I’m not sure the consumer completely loses. A great many people like the services those companies provide. But yes, it takes a new crazy person with a big dream and often “unfair” usiness practices to create a new business of that size.
 
I, too, find it sad the big box stores have put so many small businesses out of business. We used to have a super good local hardware store nearby. Tell them what you needed and one minute later it was in your hands. Try to find what you need in Lowes or Home Depot and you may be wandering the aisles for hours.

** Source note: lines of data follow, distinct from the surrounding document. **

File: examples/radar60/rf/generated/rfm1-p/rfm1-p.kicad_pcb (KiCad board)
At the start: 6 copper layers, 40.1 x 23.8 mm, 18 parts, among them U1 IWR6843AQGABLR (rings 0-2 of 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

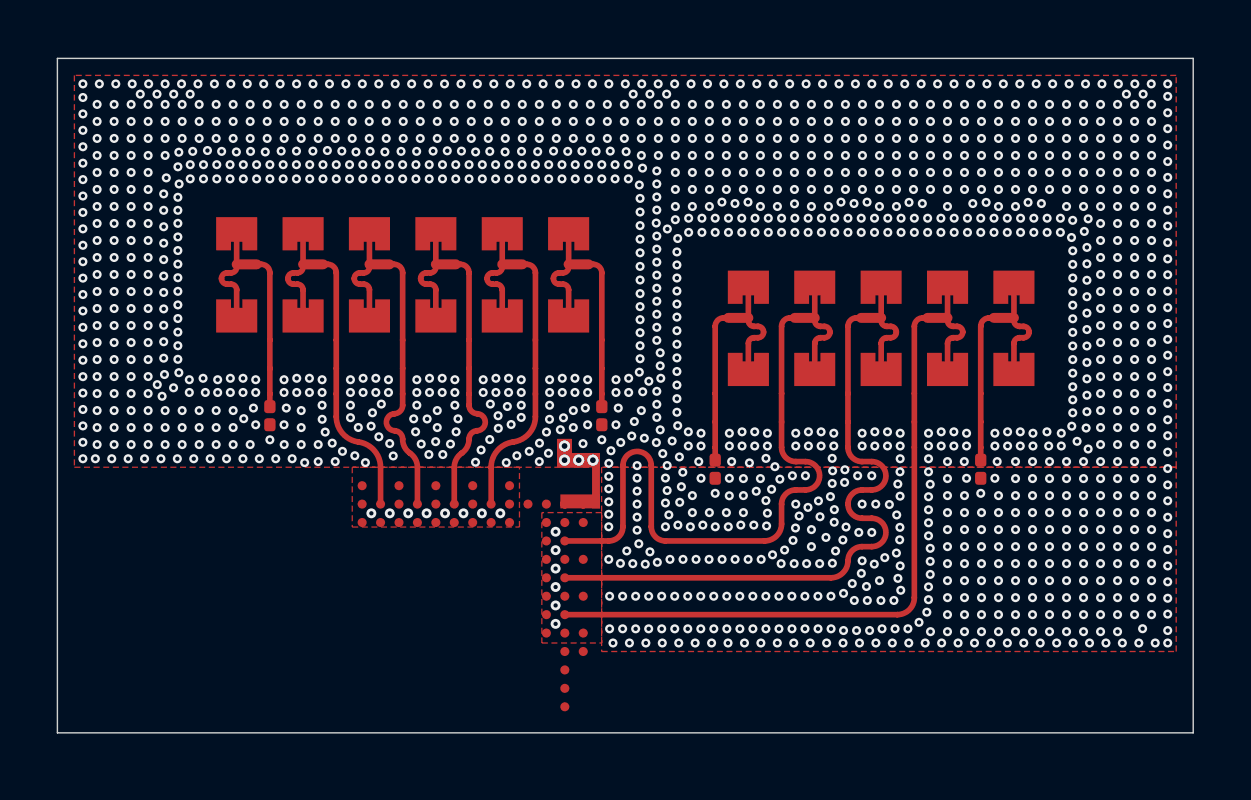
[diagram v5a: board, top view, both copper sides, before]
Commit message: radar60 rf: freeze macro v2 (stage 3b): C1 column pick, rfm1-m/n/p, coupons, board_frame
- rfmacro params: the C1 rule's pick (embedded centre column, cell-c1b-6, K0, 20 um):
  fullwave_l_scale 1.025, inset 0.325, w35 0.42, t_y 0.25. Worst in-band |S11| -6.5 dB
  (-7.2 dB Palace-referred); ANT-02 RL miss preregistered. K1 at L 1.00/1.015/1.03
  (s3b-e3) never reaches -10 dB (best -8.8 dB), so K0 stays per the K rule.
- regenerated rfm1-m/-n/-p and coupons with the frozen defaults (S1 outer dummies, D14 PA
  feed + fence, D15 A, C1); KiCad DRC 0 violations, 0 unconnected on all three.
- board/floorplan.yaml follows the new board_frame: height 47.40 (min 47.384), patches,
  region, pocket (now 1.69 x 1.55), guard, mounting holes; gen_board --macro all covered.
- tests: expectations updated for the S1 default (were failing at HEAD since the S1/fence
  freeze); series/T4 option tests pin S2 dummies (under S1 they leave a G4 fence gap).

Co-Authored-By: Claude Opus 5.5 <noreply@anthropic.com>
Claude-Session: https://claude.ai/code/session_01XmUgXgxLjzBpn2W6JpqE2p
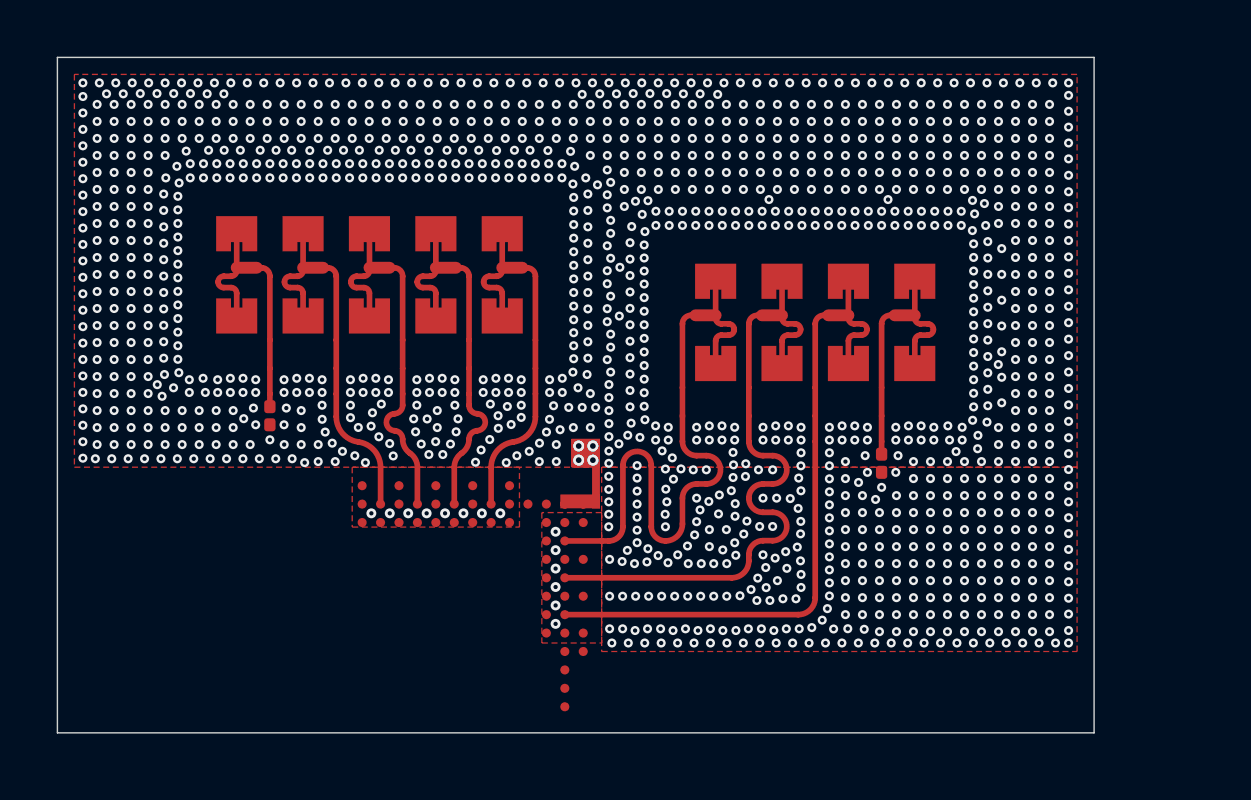
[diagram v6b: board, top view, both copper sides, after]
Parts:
- removed ANT_RXD5, ANT_TXD0: 2-patch corporate column, terminated dummy, radar60:COL2_DUMMY
- removed RT3, RT4: 50R 0201 thin film, radar60:R_0201_0603Metric_LOAD
- moved RT2 10.0 mm to (115.1, 94.7)
- moved ANT_TX1 3.50 mm to (109.2, 89.7)
- moved ANT_TX2 3.50 mm to (111.6, 89.7)
- moved ANT_TX3 3.50 mm to (113.9, 89.7)
- moved ANT_TXD4 3.50 mm to (116.2, 89.7)
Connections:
- RT2 pad 1: RXD5 -> TXD4
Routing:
- net TXD0: track 9.08 -> 0.00 mm
- net RXD5: track 9.08 -> 0.00 mm
- net TX2: track 26.2 -> 23.0 mm
- net TX1: track 26.2 -> 23.0 mm
- net TX3: track 26.6 -> 23.4 mm
- net GND: vias 1437 -> 1313
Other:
- board size 40.1 x 23.8 mm -> 36.6 x 23.8 mm
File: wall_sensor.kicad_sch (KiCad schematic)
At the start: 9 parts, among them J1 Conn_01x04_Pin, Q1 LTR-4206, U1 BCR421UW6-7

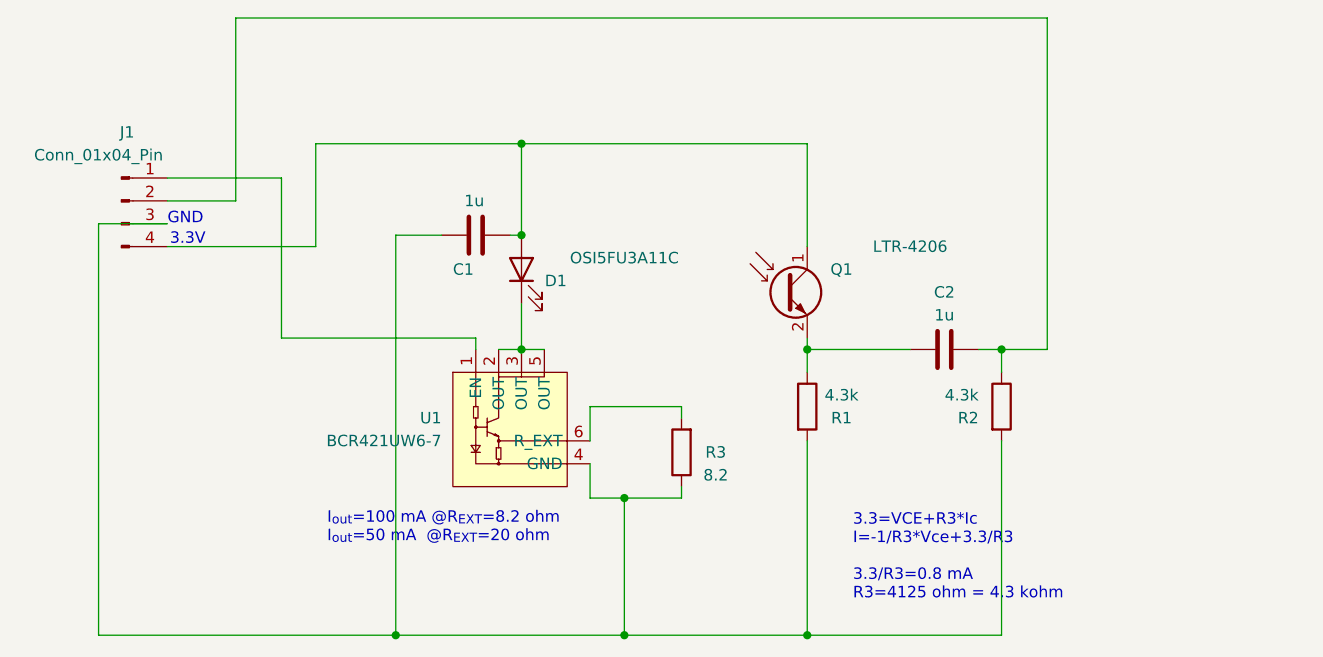
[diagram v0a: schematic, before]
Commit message: 壁センサ修正
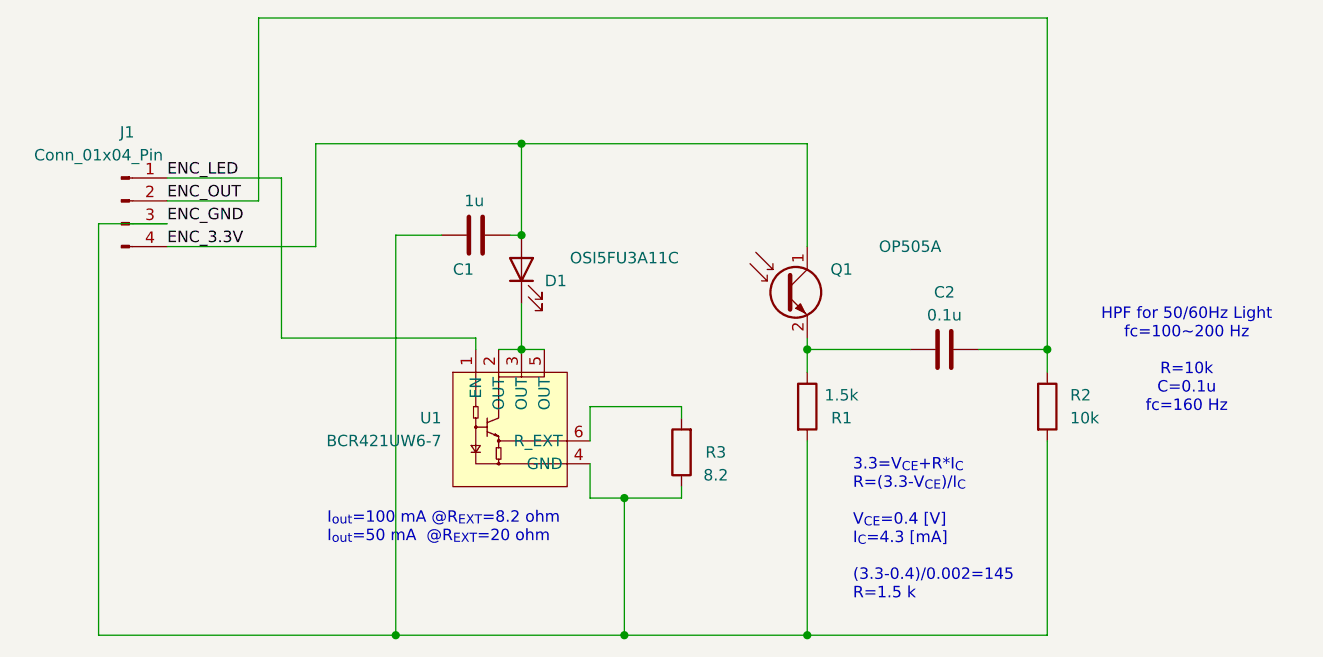
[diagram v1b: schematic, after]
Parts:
- C2: value 1u -> 0.1u
- Q1: value LTR-4206 -> OP505A; footprint makyi_mouse:LED -> makyi_mouse:LED_photo_tr; order_URL https://www.digikey.jp/ja/products/detail/liteon/LTR-4206/2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 -> https://www.digikey.jp/ja/products/detail/tt-electronics-op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
- R1: value 4.3k -> 1.5k
- R2: value 4.3k -> 10k
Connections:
- net ENC_LED: now reaches J1.1 (Pin_1), U1.1 (EN)
- net ENC_OUT: now reaches C2.1, J1.2 (Pin_2), R2.1
- net ENC_GND: now reaches C1.2, J1.3 (Pin_3), R1.2, R2.2, R3.1, U1.4 (GND)
- net ENC_3.3V: now reaches C1.1, D1.2 (A), J1.4 (Pin_4), Q1.1 (C)
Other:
- note added: "3.3=V_{CE}+R*I_{C} R=(3.3-V_{CE})/I_{C} V_{CE}=0.4 [V] I_{C}=4.3 [mA] (3.3-0.4)/0.002=145 R=1.5 k"
- note added: "HPF for 50/60Hz Light fc=100~200 Hz R=10k C=0.1u fc=160 Hz"
- note removed: "3.3=VCE+R3*Ic I=-1/R3*Vce+3.3/R3 3.3/R3=0.8 mA R3=4125 ohm = 4.3 kohm"
- note removed: "3.3V"
- note removed: "GND"
- moved on the sheet: R2
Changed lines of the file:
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@@
-	)
-	(junction
-		(at 175.26 99.06)
-		(diameter 0)
-		(color 0 0 0 0)
 	)
 	(junction
@@
 	)
 	(junction
+		(at 180.34 99.06)
+		(diameter 0)
+		(color 0 0 0 0)
+	)
+	(junction
 		(at 121.92 86.36)
 		(diameter 0)
@@
 	(wire
 		(pts
-			(xy 90.17 62.23) (xy 180.34 62.23)
+			(xy 92.71 62.23) (xy 180.34 62.23)
 		)
 		(stroke
@@
 	(wire
 		(pts
-			(xy 175.26 101.6) (xy 175.26 99.06)
+			(xy 180.34 101.6) (xy 180.34 99.06)
 		)
 		(stroke
@@
 	(wire
 		(pts
-			(xy 99.06 87.63) (xy 82.55 87.63)
-		)
-		(stroke
-			(width 0)
-			(type default)
-		)
-	)
-	(wire
-		(pts
 			(xy 121.92 99.06) (xy 124.46 99.06)
 		)
@@
 	(wire
 		(pts
-			(xy 90.17 82.55) (xy 82.55 82.55)
+			(xy 92.71 82.55) (xy 82.55 82.55)
 		)
 		(stroke
@@
 	(wire
 		(pts
-			(xy 153.67 130.81) (xy 175.26 130.81)
+			(xy 153.67 130.81) (xy 180.34 130.81)
+		)
+		(stroke
+			(width 0)
+			(type default)
+		)
+	)
+	(wire
+		(pts
+			(xy 82.55 87.63) (xy 99.06 87.63)
 		)
 		(stroke
@@
 	(wire
 		(pts
-			(xy 180.34 99.06) (xy 175.26 99.06)
-		)
-		(stroke
-			(width 0)
-			(type default)
-		)
-	)
-	(wire
-		(pts
 			(xy 120.65 86.36) (xy 121.92 86.36)
 		)
@@
 	(wire
 		(pts
-			(xy 175.26 109.22) (xy 175.26 130.81)
-		)
-		(stroke
-			(width 0)
-			(type default)
-		)
-	)
-	(wire
-		(pts
-			(xy 90.17 62.23) (xy 90.17 82.55)
+			(xy 180.34 109.22) (xy 180.34 130.81)
+		)
+		(stroke
+			(width 0)
+			(type default)
+		)
+	)
+	(wire
+		(pts
+			(xy 92.71 62.23) (xy 92.71 82.55)
 		)
 		(stroke
@@
 	(wire
 		(pts
-			(xy 172.72 99.06) (xy 175.26 99.06)
-		)
-		(stroke
-			(width 0)
-			(type default)
-		)
-	)
-	(text "GND"
+			(xy 172.72 99.06) (xy 180.34 99.06)
+		)
+		(stroke
+			(width 0)
+			(type default)
+		)
+	)
+	(text "HPF for 50/60Hz Light\nfc=100~200 Hz\n\nR=10k\nC=0.1u\nfc=160 Hz"
 		(exclude_from_sim no)
-		(at 84.582 84.582 0)
+		(at 195.834 100.33 0)
 		(effects
 			(font
@@
 		)
 	)
-	(text "3.3=VCE+R3*Ic\nI=-1/R3*Vce+3.3/R3\n\n3.3/R3=0.8 mA\nR3=4125 ohm = 4.3 kohm\n"
+	(text "3.3=V_{CE}+R*I_{C}\nR=(3.3-V_{CE})/I_{C}\n\nV_{CE}=0.4 [V]\nI_{C}=4.3 [mA]\n\n(3.3-0.4)/0.002=145\nR=1.5 k"
 		(exclude_from_sim no)
 		(at 158.75 127 0)
@@
 		)
 	)
-	(text "3.3V"
-		(exclude_from_sim no)
-		(at 84.836 86.868 0)
+	(label "ENC_GND"
+		(at 82.55 85.09 0)
+		(fields_autoplaced yes)
 		(effects
 			(font
 				(size 1.27 1.27)
 			)
+			(justify left bottom)
+		)
+	)
+	(label "ENC_LED"
+		(at 82.55 80.01 0)
+		(fields_autoplaced yes)
+		(effects
+			(font
+				(size 1.27 1.27)
+			)
+			(justify left bottom)
+		)
+	)
+	(label "ENC_OUT"
+		(at 82.55 82.55 0)
+		(fields_autoplaced yes)
+		(effects
+			(font
+				(size 1.27 1.27)
+			)
+			(justify left bottom)
+		)
+	)
+	(label "ENC_3.3V"
+		(at 82.55 87.63 0)
+		(fields_autoplaced yes)
+		(effects
+			(font
+				(size 1.27 1.27)
+			)
+			(justify left bottom)
 		)
 	)
@@
 			)
 		)
-		(property "Value" "1u"
+		(property "Value" "0.1u"
 			(at 168.91 95.25 90)
 			(effects
@@
 			)
 		)
-		(property "Value" "LTR-4206"
+		(property "Value" "OP505A"
 			(at 165.1 87.63 0)
 			(effects
@@
 			)
 		)
-		(property "Footprint" "makyi_mouse:LED"
+		(property "Footprint" "makyi_mouse:LED_photo_tr"
 			(at 156.21 90.17 0)
 			(effects
@@
 			)
 		)
-		(property "Datasheet" "https://optoelectronics.liteon.com/upload/download/DS-50-92-0072/R4206.pdf"
+		(property "Datasheet" "https://www.ttelectronics.com/TTElectronics/media/ProductFiles/Datasheet/OP505-506-535-705.pdf"
 			(at 151.13 92.71 0)
 			(effects
@@
 			)
 		)
-		(property "order_URL" "https://www.digikey.jp/ja/products/detail/liteon/LTR-4206/214965"
+		(property "order_URL" "https://www.digikey.jp/ja/products/detail/tt-electronics-optek-technology/OP505A/498692"
 			(at 151.13 92.71 0)
 			(effects
@@
 	(symbol
 		(lib_id "Device:R")
-		(at 175.26 105.41 0)
+		(at 180.34 105.41 0)
 		(unit 1)
 		(exclude_from_sim no)
@@
 		(fields_autoplaced yes)
 		(property "Reference" "R2"
-			(at 172.72 106.68 0)
-			(effects
-				(font
-					(size 1.27 1.27)
-				)
-				(justify right)
-			)
-		)
-		(property "Value" "4.3k"
-			(at 172.72 104.14 0)
-			(effects
-				(font
-					(size 1.27 1.27)
-				)
-				(justify right)
+			(at 182.88 104.1399 0)
+			(effects
+				(font
+					(size 1.27 1.27)
+				)
+				(justify left)
+			)
+		)
+		(property "Value" "10k"
+			(at 182.88 106.6799 0)
+			(effects
+				(font
+					(size 1.27 1.27)
+				)
+				(justify left)
 			)
 		)
 		(property "Footprint" "Resistor_SMD:R_0402_1005Metric"
-			(at 173.482 105.41 90)
+			(at 178.562 105.41 90)
 			(effects
 				(font
@@
 		)
 		(property "Datasheet" "~"
-			(at 175.26 105.41 0)
+			(at 180.34 105.41 0)
 			(effects
 				(font
@@
 		)
 		(property "Description" ""
-			(at 175.26 105.41 0)
+			(at 180.34 105.41 0)
 			(effects
 				(font
@@
 		)
 		(property "order_URL" "https://www.digikey.jp/ja/products/detail/yageo/RC0402FR-074K3L/726604"
-			(at 175.26 105.41 0)
+			(at 180.34 105.41 0)
 			(effects
 				(font
@@
 		)
 		(property "check_order" "-"
-			(at 175.26 105.41 0)
+			(at 180.34 105.41 0)
 			(effects
 				(font
@@
 			)
 		)
-		(property "Value" "4.3k"
+		(property "Value" "1.5k"
 			(at 157.48 104.14 0)
 			(effects

Worse, I’ve seen staff and the other end of an aisle in both big box hardware stores see me with a “I need assistance” look on my face and they quickly scramble to the next aisle, then vanish by the time I get there...
The only saving grace is that if I had cornered them, my experience is that most of them don’t know squat anyway...
 
Like an idiot, I went out to Walmart to get a Black Friday iPad. I was in luck, they had dozens and dozens of iPads at $100 off (5th gen, 32GB) and I told the guy I wanted a Silver one. He reached into the pile and pulled out one, pointed to the side of the box and said "Here, silver". Well, he was pointing the aluminium case, not indicating the style - two styles use the same case, Space Grey and Silver, the difference being the front frame is black or white respectively. I flipped it over, pointed to the bottom where it said "Space Grey" ,explained the difference and reiterated that I wanted one that said "Silver". He looked at me, looked back at the giant pile of iPads with a look that said "I'm not digging through that" and said "we don't have that, all we have his this one". So 30 seconds ago, you didn't know the difference, but now you know that you don't have what I'm looking for? I don't think so.

So Wal-mart lost a few sales...this plus whatever else I might have bought in the next few months. Maybe it was a loss leader and they didn't care. Whatever. I'll pay $100 extra and probably wind up buying direct from Apple, interest free on my Apple card. It's only one flight hour, right? At least the service probably won't suck.

I got one at Best Buy on Wednesday afternoon for $269. The sales guy dug through a large stack to find the right color.

Good luck! Visit the store, or try the website . . .
 
CVS and RiteAid are both off my list of places to shop. Prices at both are beyond the pale.
+1. I refuse to even go in a CVS Store. My local food market (which belongs to Safeway) has a pharmacy where I often find sale prices or house brand generics
at reasonable prices. They get all my prescription business.

Dave
 
My dad has worked at a single location men's clothing store for 36 years, owned it for the past 19... And they're closing after the new year partly due the internet/bigger store pressure, and partly due to the general dressing down of America. Not as many folks wear suits as regularly.

Internet shopping is a topic we've discussed regularly over the years leading up to their decision to close, and the conclusion I've reached... If one is good with a market where one is almost definitely going to pay less for less service, that's the market that's going to thrive.

I'm guilty myself. I live in a rural area and take advantage of Amazon for a large margin of my non grocery needs. Partly driven by a lack of local options, partly driven by it's ease. Have to wonder about the lack of local options vs internet being a chicken vs egg sort of scenario though.